Every line of the data that contains the string "copper" must be copied.
*** Opening Exercise data ***
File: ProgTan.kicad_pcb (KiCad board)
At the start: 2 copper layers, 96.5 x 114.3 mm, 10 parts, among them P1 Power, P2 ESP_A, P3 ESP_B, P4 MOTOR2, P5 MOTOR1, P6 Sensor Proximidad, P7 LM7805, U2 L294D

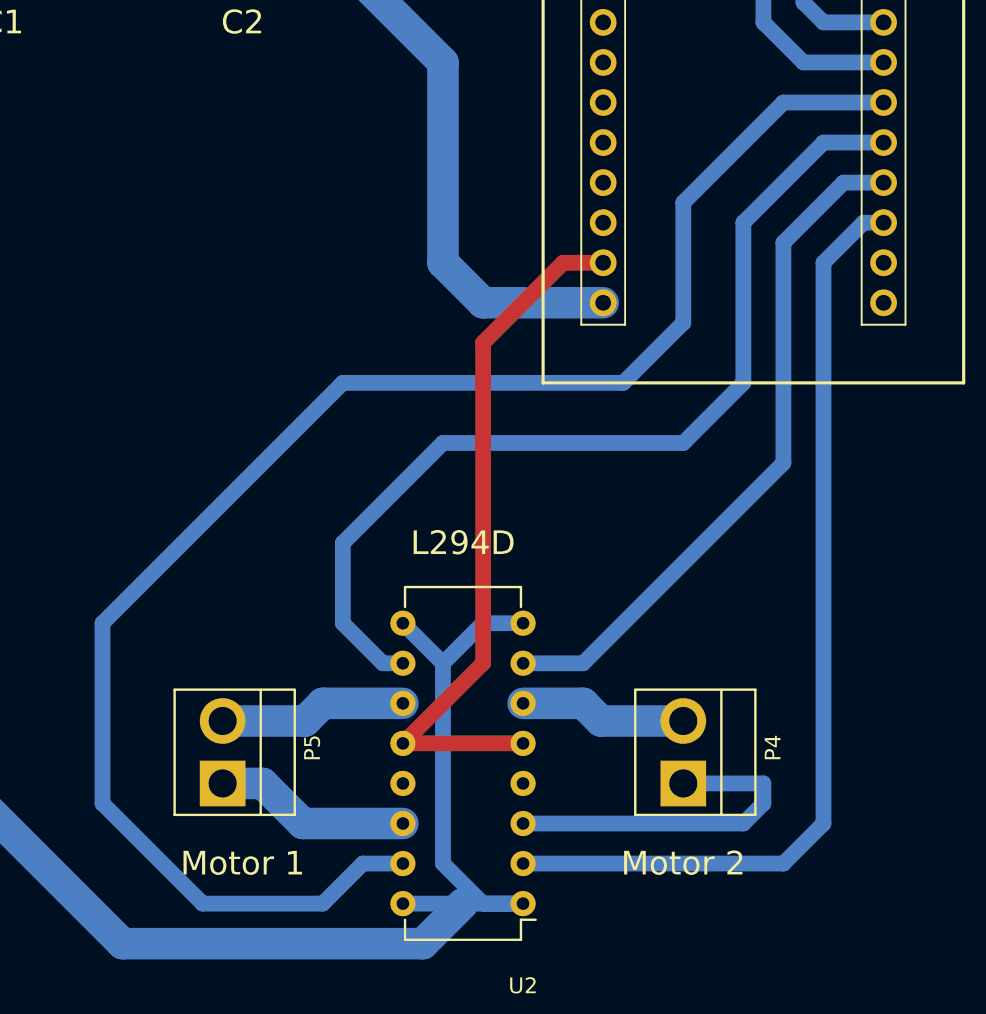
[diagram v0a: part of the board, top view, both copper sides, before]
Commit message: Modificación en las rutas de tierra
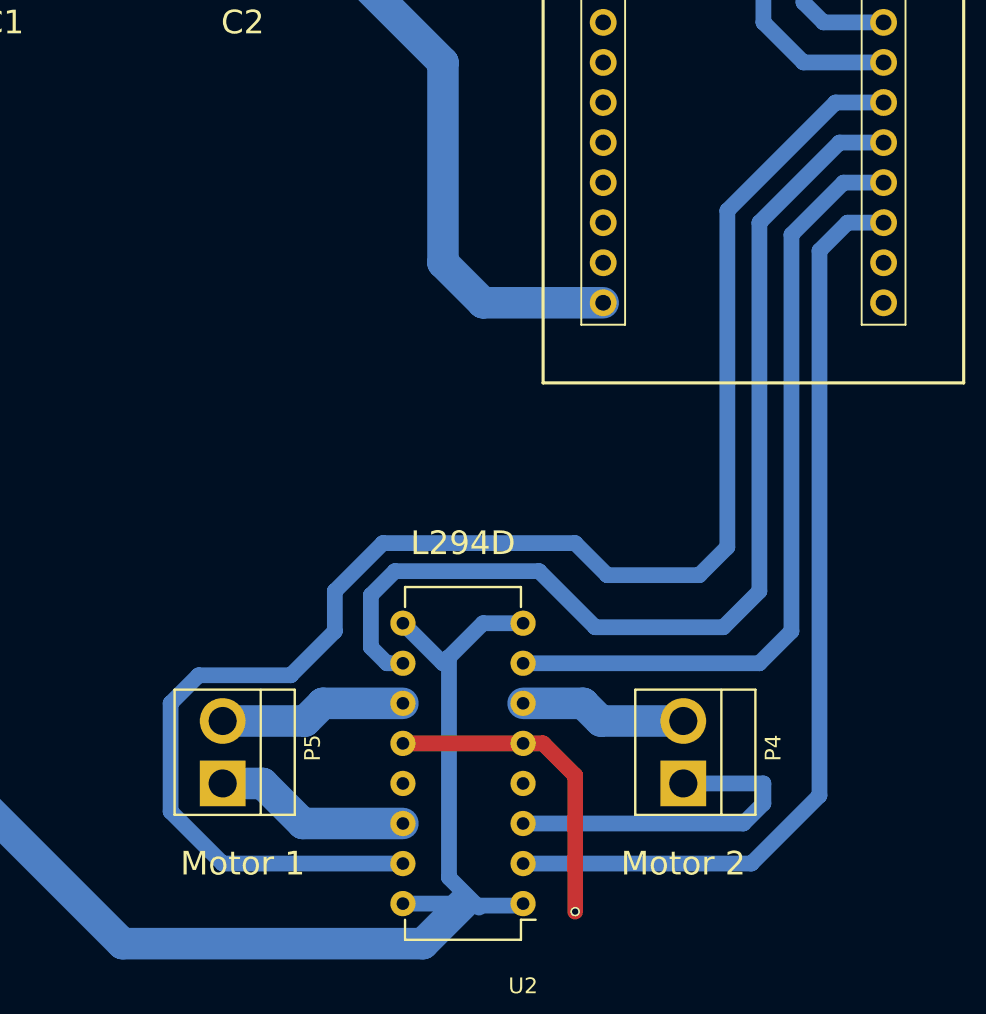
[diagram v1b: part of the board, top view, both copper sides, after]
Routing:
- net GND: track 44.8 -> 20.4 mm, vias 0 -> 1
- net /GPI03: track 43.7 -> 50.2 mm
- net /GPI15: track 60.7 -> 66.8 mm
- net /Vin: track 172.4 -> 169.4 mm
- net /GPI13: track 101.8 -> 99.6 mm
- net /GPI01: track 60.5 -> 59.9 mm

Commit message: General fixes
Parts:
- added LED1: LED, LEDs:LED-3MM, F.Cu at (128.3, 70.5)
- added LED2: LED, LEDs:LED-3MM, F.Cu at (128.9, 61.0)
- added P8: Sensor Infrarrojo, Socket_Strips:Socket_Strip_Straight_1x03, F.Cu at (173.4, 134.6)
- moved P2 4.44 mm to (140.3, 66.0)
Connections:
- P2 pad 2: GND -> (no net)
- P2 pad 3: (no net) -> /GPI10
- P2 pad 4: (no net) -> /GPI09
- P3 pad 12: /GPI03 -> (no net)
- P3 pad 13: /GPI01 -> (no net)
- P3 pad 3: (no net) -> /GPI04
- P3 pad 4: (no net) -> /GPI00
- P3 pad 5: (no net) -> /GPI02
- P6 pad 2: /GPI12 -> /GPI02
- P6 pad 3: /GPI14 -> /GPI00
- U2 pad 2: /GPI01 -> /GPI14
- U2 pad 7: /GPI03 -> /GPI12
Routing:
- net /Vo: track 103.2 -> 213.2 mm
- net /GPI04: track 0.00 -> 68.4 mm
- net /GPI01: track 59.9 -> 0.00 mm
- net /GPI03: track 50.2 -> 0.00 mm
- net /GPI02: track 0.00 -> 48.0 mm
- net /GPI00: track 0.00 -> 44.1 mm
- net /GPI14: track 55.7 -> 79.2 mm
- net /GPI10: track 0.00 -> 14.6 mm
- net /GPI09: track 0.00 -> 10.8 mm
- net /GPI12: track 60.1 -> 62.6 mm
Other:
- board text added: "Jorge Garzon Camilo Vargas Temas Avanzados de Lenguajes de Programación Universidad Nacional de Colombia"
- board text added: "Sensor Infrarrojo"
*** Closing Exercise data ***
- Your solution -
At the start: 2 copper layers, 96.5 x 114.3 mm, 10 parts, among them P1 Power, P2 ESP_A, P3 ESP_B, P4 MOTOR2, P5 MOTOR1, P6 Sensor Proximidad, P7 LM7805, U2 L294D
[diagram v0a: part of the board, top view, both copper sides, before]
[diagram v1b: part of the board, top view, both copper sides, after]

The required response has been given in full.